At week 240 in STARTMRK, hepatobiliary events were more frequent with raltegravir than efavirenz in coinfected people (5.6% versus 0%) and in monoinfected people (5.7% versus 3.4%). At 156 weeks in the BENCHMRK trials, hepatobiliary event rates were lower with raltegravir than placebo in the coinfected group (2.7 versus 4.7 per 100 person-years) and lower with raltegravir than placebo in monoinfected people (2.0 versus 3.9 per 100 person-years). No coinfected person in any arm of the three trials stopped treatment because of a hepatobiliary adverse event, and under 1% of monoinfected people in each arm quit treatment for that reason.

Grade 3 and 4 AST and ALT elevations were more frequent in HBV/HCV-coinfected people than in HIV-monoinfected people in raltegravir arms, and often in the comparator arms:

Grade 3 and 4 AST elevations in HBV/HCV-coinfected versus HIV-monoinfected:
BENCHMRK raltegravir arm grade 3: 9.1% versus 3.4% (week 156)
BENCHMRK raltegravir arm grade 4: 2.6% versus 0.3% (week 156)
BENCHMRK placebo arm grade 3: 2.7% versus 3.0% (week 156)
BENCHMRK placebo arm grade 4: 0% versus 1.5% (week 156)

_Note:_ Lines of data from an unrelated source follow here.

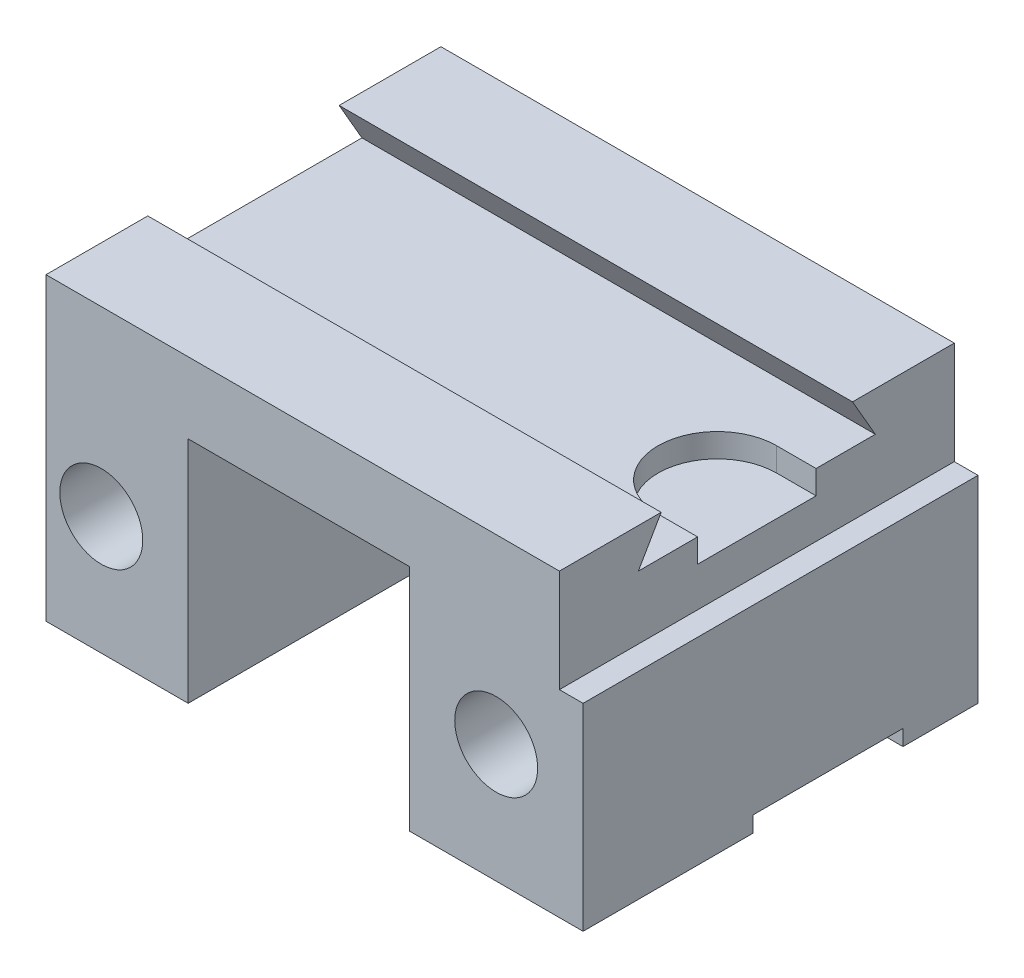
ISO-10303-21;
HEADER;
FILE_DESCRIPTION(('STEP AP214'),'2;1');
FILE_NAME('part.step','',(''),(''),'','','');
FILE_SCHEMA(('AUTOMOTIVE_DESIGN { 1 0 10303 214 1 1 1 1 }'));
ENDSEC;
DATA;
#1=APPLICATION_CONTEXT('core data for automotive mechanical design processes');
#2=APPLICATION_PROTOCOL_DEFINITION('international standard','automotive_design',2000,#1);
#3=PRODUCT_CONTEXT('',#1,'mechanical');
#4=PRODUCT('Part','Part','',(#3));
#5=PRODUCT_RELATED_PRODUCT_CATEGORY('part','',(#4));
#6=PRODUCT_DEFINITION_FORMATION('','',#4);
#7=PRODUCT_DEFINITION_CONTEXT('part definition',#1,'design');
#8=PRODUCT_DEFINITION('design','',#6,#7);
#9=PRODUCT_DEFINITION_SHAPE('','',#8);
#10=(LENGTH_UNIT() NAMED_UNIT(*) SI_UNIT(.MILLI.,.METRE.));
#11=(NAMED_UNIT(*) PLANE_ANGLE_UNIT() SI_UNIT($,.RADIAN.));
#12=(NAMED_UNIT(*) SI_UNIT($,.STERADIAN.) SOLID_ANGLE_UNIT());
#13=UNCERTAINTY_MEASURE_WITH_UNIT(LENGTH_MEASURE(1.E-05),#10,'distance_accuracy_value','');
#14=(GEOMETRIC_REPRESENTATION_CONTEXT(3) GLOBAL_UNCERTAINTY_ASSIGNED_CONTEXT((#13)) GLOBAL_UNIT_ASSIGNED_CONTEXT((#10,
#11,#12)) REPRESENTATION_CONTEXT('',''));
#15=CARTESIAN_POINT('',(0.,0.,0.));
#16=DIRECTION('',(0.,0.,1.));
#17=DIRECTION('',(1.,0.,0.));
#18=AXIS2_PLACEMENT_3D('',#15,#16,#17);
#19=CARTESIAN_POINT('',(0.,3.5,0.));
#20=DIRECTION('',(0.,-1.,0.));
#21=DIRECTION('',(0.,0.,-1.));
#22=AXIS2_PLACEMENT_3D('',#19,#20,#21);
#23=PLANE('',#22);
#24=DIRECTION('',(0.,0.,1.));
#25=VECTOR('',#24,1.);
#26=CARTESIAN_POINT('',(6.5,3.5,0.));
#27=LINE('',#26,#25);
#28=CARTESIAN_POINT('',(6.5,3.5,1.));
#29=VERTEX_POINT('',#28);
#30=CARTESIAN_POINT('',(6.5,3.5,1.75));
#31=VERTEX_POINT('',#30);
#32=EDGE_CURVE('E221',#29,#31,#27,.T.);
#33=ORIENTED_EDGE('',*,*,#32,.F.);
#34=DIRECTION('',(1.,0.,0.));
#35=VECTOR('',#34,1.);
#36=CARTESIAN_POINT('',(0.,3.5,1.));
#37=LINE('',#36,#35);
#38=CARTESIAN_POINT('',(0.,3.5,1.));
#39=VERTEX_POINT('',#38);
#40=EDGE_CURVE('E255',#39,#29,#37,.T.);
#41=ORIENTED_EDGE('',*,*,#40,.F.);
#42=DIRECTION('',(0.,0.,-1.));
#43=VECTOR('',#42,1.);
#44=CARTESIAN_POINT('',(0.,3.5,0.));
#45=LINE('',#44,#43);
#46=CARTESIAN_POINT('',(0.,3.5,4.));
#47=VERTEX_POINT('',#46);
#48=EDGE_CURVE('E245',#47,#39,#45,.T.);
#49=ORIENTED_EDGE('',*,*,#48,.F.);
#50=DIRECTION('',(1.,0.,0.));
#51=VECTOR('',#50,1.);
#52=CARTESIAN_POINT('',(0.,3.5,4.));
#53=LINE('',#52,#51);
#54=CARTESIAN_POINT('',(6.5,3.5,4.));
#55=VERTEX_POINT('',#54);
#56=EDGE_CURVE('E256',#47,#55,#53,.T.);
#57=ORIENTED_EDGE('',*,*,#56,.T.);
#58=CARTESIAN_POINT('',(6.5,3.5,3.25));
#59=VERTEX_POINT('',#58);
#60=EDGE_CURVE('E219',#59,#55,#27,.T.);
#61=ORIENTED_EDGE('',*,*,#60,.F.);
#62=DIRECTION('',(1.,0.,0.));
#63=VECTOR('',#62,1.);
#64=CARTESIAN_POINT('',(0.,3.5,3.25));
#65=LINE('',#64,#63);
#66=CARTESIAN_POINT('',(6.,3.5,3.25));
#67=VERTEX_POINT('',#66);
#68=EDGE_CURVE('E238',#67,#59,#65,.T.);
#69=ORIENTED_EDGE('',*,*,#68,.F.);
#70=CARTESIAN_POINT('',(6.,3.5,2.5));
#71=DIRECTION('',(0.,1.,0.));
#72=DIRECTION('',(0.,0.,1.));
#73=AXIS2_PLACEMENT_3D('',#70,#71,#72);
#74=CIRCLE('',#73,0.75);
#75=CARTESIAN_POINT('',(6.,3.5,1.75));
#76=VERTEX_POINT('',#75);
#77=EDGE_CURVE('E59',#76,#67,#74,.T.);
#78=ORIENTED_EDGE('',*,*,#77,.F.);
#79=DIRECTION('',(1.,0.,0.));
#80=VECTOR('',#79,1.);
#81=CARTESIAN_POINT('',(0.,3.5,1.75));
#82=LINE('',#81,#80);
#83=EDGE_CURVE('E230',#76,#31,#82,.T.);
#84=ORIENTED_EDGE('',*,*,#83,.T.);
#85=EDGE_LOOP('',(#33,#41,#49,#57,#61,#69,#78,#84));
#86=FACE_BOUND('',#85,.T.);
#87=ADVANCED_FACE('F37',(#86),#23,.F.);
#88=CARTESIAN_POINT('',(0.,4.,0.));
#89=DIRECTION('',(0.,1.,0.));
#90=DIRECTION('',(0.,0.,1.));
#91=AXIS2_PLACEMENT_3D('',#88,#89,#90);
#92=PLANE('',#91);
#93=DIRECTION('',(1.,0.,0.));
#94=VECTOR('',#93,1.);
#95=CARTESIAN_POINT('',(0.,4.,5.));
#96=LINE('',#95,#94);
#97=CARTESIAN_POINT('',(0.,4.,5.));
#98=VERTEX_POINT('',#97);
#99=CARTESIAN_POINT('',(6.5,4.,5.));
#100=VERTEX_POINT('',#99);
#101=EDGE_CURVE('E367',#98,#100,#96,.T.);
#102=ORIENTED_EDGE('',*,*,#101,.T.);
#103=DIRECTION('',(0.,0.,1.));
#104=VECTOR('',#103,1.);
#105=CARTESIAN_POINT('',(6.5,4.,5.));
#106=LINE('',#105,#104);
#107=CARTESIAN_POINT('',(6.5,4.,3.71132486540518));
#108=VERTEX_POINT('',#107);
#109=EDGE_CURVE('E199',#108,#100,#106,.T.);
#110=ORIENTED_EDGE('',*,*,#109,.F.);
#111=DIRECTION('',(1.,0.,0.));
#112=VECTOR('',#111,1.);
#113=CARTESIAN_POINT('',(0.,4.,3.71132486540518));
#114=LINE('',#113,#112);
#115=CARTESIAN_POINT('',(0.,4.,3.71132486540518));
#116=VERTEX_POINT('',#115);
#117=EDGE_CURVE('E260',#116,#108,#114,.T.);
#118=ORIENTED_EDGE('',*,*,#117,.F.);
#119=DIRECTION('',(0.,0.,1.));
#120=VECTOR('',#119,1.);
#121=CARTESIAN_POINT('',(0.,4.,0.));
#122=LINE('',#121,#120);
#123=EDGE_CURVE('E363',#116,#98,#122,.T.);
#124=ORIENTED_EDGE('',*,*,#123,.T.);
#125=EDGE_LOOP('',(#102,#110,#118,#124));
#126=FACE_BOUND('',#125,.T.);
#127=ADVANCED_FACE('F413',(#126),#92,.T.);
#128=DIRECTION('',(1.,0.,0.));
#129=VECTOR('',#128,1.);
#130=CARTESIAN_POINT('',(0.,4.,1.28867513459482));
#131=LINE('',#130,#129);
#132=CARTESIAN_POINT('',(0.,4.,1.28867513459482));
#133=VERTEX_POINT('',#132);
#134=CARTESIAN_POINT('',(6.5,4.,1.28867513459482));
#135=VERTEX_POINT('',#134);
#136=EDGE_CURVE('E263',#133,#135,#131,.T.);
#137=ORIENTED_EDGE('',*,*,#136,.T.);
#138=CARTESIAN_POINT('',(6.5,4.,0.));
#139=VERTEX_POINT('',#138);
#140=EDGE_CURVE('E210',#139,#135,#106,.T.);
#141=ORIENTED_EDGE('',*,*,#140,.F.);
#142=DIRECTION('',(-1.,0.,0.));
#143=VECTOR('',#142,1.);
#144=CARTESIAN_POINT('',(6.8,4.,0.));
#145=LINE('',#144,#143);
#146=CARTESIAN_POINT('',(0.,4.,0.));
#147=VERTEX_POINT('',#146);
#148=EDGE_CURVE('E337',#139,#147,#145,.T.);
#149=ORIENTED_EDGE('',*,*,#148,.T.);
#150=EDGE_CURVE('E364',#147,#133,#122,.T.);
#151=ORIENTED_EDGE('',*,*,#150,.T.);
#152=EDGE_LOOP('',(#137,#141,#149,#151));
#153=FACE_BOUND('',#152,.T.);
#154=ADVANCED_FACE('F386',(#153),#92,.T.);
#155=CARTESIAN_POINT('',(0.,2.6070508075689,4.51554445662276));
#156=DIRECTION('',(0.,0.500000000000004,0.866025403784436));
#157=DIRECTION('',(0.,-0.866025403784436,0.500000000000004));
#158=AXIS2_PLACEMENT_3D('',#155,#156,#157);
#159=PLANE('',#158);
#160=DIRECTION('',(0.,0.866025403784436,-0.500000000000004));
#161=VECTOR('',#160,1.);
#162=CARTESIAN_POINT('',(6.5,2.6070508075689,4.51554445662276));
#163=LINE('',#162,#161);
#164=EDGE_CURVE('E224',#55,#108,#163,.T.);
#165=ORIENTED_EDGE('',*,*,#164,.F.);
#166=ORIENTED_EDGE('',*,*,#56,.F.);
#167=DIRECTION('',(0.,-0.866025403784436,0.500000000000004));
#168=VECTOR('',#167,1.);
#169=CARTESIAN_POINT('',(0.,2.6070508075689,4.51554445662276));
#170=LINE('',#169,#168);
#171=EDGE_CURVE('E252',#116,#47,#170,.T.);
#172=ORIENTED_EDGE('',*,*,#171,.F.);
#173=ORIENTED_EDGE('',*,*,#117,.T.);
#174=EDGE_LOOP('',(#165,#166,#172,#173));
#175=FACE_BOUND('',#174,.T.);
#176=ADVANCED_FACE('F410',(#175),#159,.F.);
#177=CARTESIAN_POINT('',(0.,0.441987298107791,-0.765544456622779));
#178=DIRECTION('',(0.,0.500000000000004,-0.866025403784437));
#179=DIRECTION('',(0.,0.866025403784437,0.500000000000004));
#180=AXIS2_PLACEMENT_3D('',#177,#178,#179);
#181=PLANE('',#180);
#182=DIRECTION('',(0.,-0.866025403784437,-0.500000000000004));
#183=VECTOR('',#182,1.);
#184=CARTESIAN_POINT('',(6.5,0.441987298107791,-0.765544456622779));
#185=LINE('',#184,#183);
#186=EDGE_CURVE('E222',#135,#29,#185,.T.);
#187=ORIENTED_EDGE('',*,*,#186,.F.);
#188=ORIENTED_EDGE('',*,*,#136,.F.);
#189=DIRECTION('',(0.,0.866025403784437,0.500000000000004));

STARTMRK raltegravir arm grade 3: 5.6% versus 4.6% (week 240)
STARTMRK raltegravir arm grade 4: 5.6% versus 0.8% (week 240)
STARTMRK efavirenz arm grade 3: 0% versus 3.0% (week 240)
STARTMRK efavirenz arm grade 4: 6.3% versus 0% (week 240)

Grade 3 and 4 ALT elevations in HBV/HCV-coinfected versus HIV-monoinfected:
BENCHMRK raltegravir arm grade 3: 10.4% versus 3.6% (week 156)
BENCHMRK raltegravir arm grade 4: 3.9% versus 0.8% (week 156)
BENCHMRK placebo arm grade 3: 8.1% versus 1.5% (week 156)
BENCHMRK placebo arm grade 4: 0% versus 2.0% (week 156)

STARTMRK raltegravir arm grade 3: 0% versus 1.9% (week 240)
STARTMRK raltegravir arm grade 4: 5.6% versus 1.5% (week 240)
STARTMRK efavirenz arm grade 3: 6.3% versus 1.9% (week 240)
STARTMRK efavirenz arm grade 4: 6.3% versus 0.4% (week 240)

The researchers noted that most jumps in AST and ALT occurred during the first 48 weeks of treatment and that further increases were "minimal."

Reference

1. Rockstroh J, Sklar P, Zhao J, et al. Safety and efficacy of raltegravir over 3 years in patients co-infected with HIV and hepatitis B and/or C virus. 52nd Interscience Conference on Antimicrobials and Chemotherapy (ICAAC). September 9-12, 2012. San Francisco. Abstract H-885.